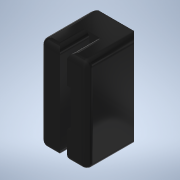
# Autodesk Inventor part: SP45V1 Plastico Roldana
Saved by Autodesk Inventor 2021.2 (Build 252289000, 289)
## iProperties
Created: 2026-09-01
Part Number: SP45V1 Plastico Roldana
Material: ABS Plastic
Document SubType Name: Modeling
Designer: nelso
Density: 1.06 g/cm^3
Appearance: Smooth - Black
Author: nelso
Autodesk Inventor part; units mm, degrees
ref_plane "YZ Plane" through (0, 0, 0) normal (1, 0, 0) x (0, 1, 0)
ref_plane "XZ Plane" through (0, 0, 0) normal (0, 1, 0) x (-1, 0, 0)
sketch "Sketch1" plane through (0, 0, 0) normal (0, 1, 0) x (-1, 0, 0)
  line L0 (-20, 40) -> (20, 40)
  line L1 (20, 40) -> (20, -40)
  line L2 (20, -40) -> (-20, -40)
  line L3 (-20, -40) -> (-20, 40)
  line L4 (-20, 40) -> (20, -40) construction
  line L5 (20, 40) -> (-20, -40) construction
  point P0 (0, 0)
  dimension "d0" = 40
  dimension "d1" = 80
  constraints: 12 end point, 2 midpoint, 2 parallel, 1 horizontal, 1 perpendicular
  measures "d0" distance of L1.end L2.end
  measures "d1" distance of L0.end L1.end
extrude "Extrusion1" add sketch "Sketch1" along normal mid plane 45
sketch "Sketch2" plane through (0, -22.5, 0) normal (0, -1, 0) x (1, 0, 0)
  line L0 (20, -40) -> (-20, -40) projected
  line L1 (3, 40) -> (-3, 40)
  line L2 (-3, 40) -> (-3, -40)
  line L3 (-3, -40) -> (3, -40)
  line L4 (3, -40) -> (3, 40)
  line L5 (3, 40) -> (-3, -40) construction
  line L6 (-3, 40) -> (3, -40) construction
  point P0 (0, 0)
  dimension "d4" = 6
  constraints: 12 end point, 2 midpoint, 2 parallel, 1 horizontal, 1 perpendicular, 1 point on line
  measures "d4" distance of L3.end L2.end
extrude "Extrusion2" cut sketch "Sketch2" against normal blind 25
chamfer "Chamfer1" distance 5 angle 45 2 edges at (20, 22.5, 0) (-20, 22.5, 0)
chamfer "Chamfer2" distance 0.3 angle 45 2 edges at (0, 22.5, 40) (0, 22.5, -40)
fillet "Fillet1" radius 5 14 edges at (20, -2.5, 40) (-20, -2.5, 40) (20, -2.5, -40) (-20, -2.5, -40) (3, -10, -40) (-3, -10, -40) (-3, -10, 40) (3, -10, 40) (-20, -22.5, 0) (-11.5, -22.5, 40) (-11.5, -22.5, -40) (11.5, -22.5, -40) (20, -22.5, 0) (11.5, -22.5, 40)
sketch "Sketch5" plane through (3, -22.5, -35) normal (-1, 0, 0) x (0, 0, 1)
  line L0 (70, 0) -> (0, 0) projected
  line L1 (35, 0) -> (19, 0)
  line L2 (70, 25) -> (0, 25) projected
  line L3 (19, 0) -> (19, 25)
  line L4 (19, 25) -> (51, 25)
  line L5 (51, 25) -> (51, 0)
  line L6 (51, 0) -> (19, 0)
  point P0 (51, 0)
  dimension "d31" = 16
  dimension "d32" = 32
  constraints: 10 end point, 2 parallel, 2 point on line, 1 midpoint, 1 perpendicular, 1 vertical
  measures "d31" distance of L1.start L1.end
  measures "d32" distance of L3.end L4.end
extrude "Extrusion4" cut sketch "Sketch5" against normal blind 3
sketch "Sketch6" plane through (6, -22.5, -35) normal (-1, 0, 0) x (0, 0, 1)
  line L0 (19, 25) -> (51, 25) projected
  line L1 (19, 0) -> (19, 25) projected
  line L2 (51, 0) -> (19, 0) projected
  line L3 (51, 25) -> (51, 0) projected
  line L4 (19, 25) -> (51, 25) projected
  line L5 (35, 25) -> (35, 18)
  line L6 (35, 18) -> (25, 18)
  point P0 (35, 22.5)
  point P1 (45, 18)
  dimension "d35" = 7
  dimension "d36" = 10
  constraints: 4 end point, 1 coincident, 1 midpoint, 1 perpendicular, 1 symmetric about line, 1 vertical
  measures "d35" distance of L5.start L5.end
  measures "d36" distance of L5.end L6.end
hole "Hole2" at (6, -4.5, -10) at (6, -4.5, 10) direction (1, 0, 0) diameter 3.6 depth 8 clearance for "Countersunk Flat Head Screw ISO 2009/7046" size "M3" standard "ISO"
ref_plane "Work Plane1" through (11.5, -22.5, 35) normal (-1, 0, 0) x (0, 0, 1)
sketch "Sketch7" plane through (11.5, -22.5, 35) normal (-1, 0, 0) x (0, 0, 1)
  line L0 (-25, 14.4204) -> (-28.1, 16.2102)
  line L1 (-28.1, 16.2102) -> (-28.1, 19.7898)
  line L2 (-28.1, 19.7898) -> (-25, 21.5796)
  line L3 (-25, 21.5796) -> (-21.9, 19.7898)
  line L4 (-21.9, 19.7898) -> (-21.9, 16.2102)
  line L5 (-21.9, 16.2102) -> (-25, 14.4204)
  line L6 (-45, 14.4204) -> (-48.1, 16.2102)
  line L7 (-48.1, 16.2102) -> (-48.1, 19.7898)
  line L8 (-48.1, 19.7898) -> (-45, 21.5796)
  line L9 (-45, 21.5796) -> (-41.9, 19.7898)
  line L10 (-41.9, 19.7898) -> (-41.9, 16.2102)
  line L11 (-41.9, 16.2102) -> (-45, 14.4204)
  line L12 (-21.9, 16.2102) -> (-21.9, 14.4204)
  line L13 (-21.9, 14.4204) -> (-28.1, 14.4204)
  line L14 (-28.1, 14.4204) -> (-28.1, 16.2102)
  line L15 (-41.9, 16.2102) -> (-41.9, 14.4204)
  line L16 (-41.9, 14.4204) -> (-48.1, 14.4204)
  line L17 (-48.1, 14.4204) -> (-48.1, 16.2102)
  point P0 (-35, 22.5)
  point P1 (-25, 18)
  point P2 (-45, 18)
  point P3 (-25, 18)
  point P4 (-45, 18)
  dimension "d52" = 6.2
  dimension "d53" = 6.2
  constraints: 36 end point, 3 perpendicular, 2 coincident, 2 point on line, 1 parallel, 1 vertical, 26 other
  measures "d52" distance between parallel lines of L1 L4
  measures "d53" distance between parallel lines of L7 L10
extrude "Extrusion5" cut sketch "Sketch7" along normal blind 3.6
sketch "Sketch8" plane through (-20, -17.5, -35) normal (-1, 0, 0) x (0, 0, 1)
  circle A0 centre (25, 13) radius 1.8 projected
  circle A1 centre (45, 13) radius 1.8 projected
  line L0 (19, 20) -> (51, 20) projected
  line L1 (19, -5) -> (19, 20) projected
  line L2 (51, -5) -> (19, -5) projected
  line L3 (51, 20) -> (51, -5) projected
  circle A2 centre (25, 13) radius 3.5
  circle A3 centre (45, 13) radius 3.5
  point P0 (35, 17.5)
  dimension "d48" = 7
  dimension "d49" = 7
  constraints: 2 centre point, 2 coincident
  measures "d48" diameter of A2
  measures "d49" diameter of A3
extrude "Extrusion6" cut sketch "Sketch8" against normal up to surface (23 mm away) contours A0 | A1 | A2 | A3
body "Solid1"
***
Look above for the line that contains "constraints: 10 end". Starting there, transcribe every line exactly until you have copied the line that contains "line L8 (-48.1, 19.7898) -> (-45, 21.5796)".

  constraints: 10 end point, 2 parallel, 2 point on line, 1 midpoint, 1 perpendicular, 1 vertical
  measures "d31" distance of L1.start L1.end
  measures "d32" distance of L3.end L4.end
extrude "Extrusion4" cut sketch "Sketch5" against normal blind 3
sketch "Sketch6" plane through (6, -22.5, -35) normal (-1, 0, 0) x (0, 0, 1)
  line L0 (19, 25) -> (51, 25) projected
  line L1 (19, 0) -> (19, 25) projected
  line L2 (51, 0) -> (19, 0) projected
  line L3 (51, 25) -> (51, 0) projected
  line L4 (19, 25) -> (51, 25) projected
  line L5 (35, 25) -> (35, 18)
  line L6 (35, 18) -> (25, 18)
  point P0 (35, 22.5)
  point P1 (45, 18)
  dimension "d35" = 7
  dimension "d36" = 10
  constraints: 4 end point, 1 coincident, 1 midpoint, 1 perpendicular, 1 symmetric about line, 1 vertical
  measures "d35" distance of L5.start L5.end
  measures "d36" distance of L5.end L6.end
hole "Hole2" at (6, -4.5, -10) at (6, -4.5, 10) direction (1, 0, 0) diameter 3.6 depth 8 clearance for "Countersunk Flat Head Screw ISO 2009/7046" size "M3" standard "ISO"
ref_plane "Work Plane1" through (11.5, -22.5, 35) normal (-1, 0, 0) x (0, 0, 1)
sketch "Sketch7" plane through (11.5, -22.5, 35) normal (-1, 0, 0) x (0, 0, 1)
  line L0 (-25, 14.4204) -> (-28.1, 16.2102)
  line L1 (-28.1, 16.2102) -> (-28.1, 19.7898)
  line L2 (-28.1, 19.7898) -> (-25, 21.5796)
  line L3 (-25, 21.5796) -> (-21.9, 19.7898)
  line L4 (-21.9, 19.7898) -> (-21.9, 16.2102)
  line L5 (-21.9, 16.2102) -> (-25, 14.4204)
  line L6 (-45, 14.4204) -> (-48.1, 16.2102)
  line L7 (-48.1, 16.2102) -> (-48.1, 19.7898)
  line L8 (-48.1, 19.7898) -> (-45, 21.5796)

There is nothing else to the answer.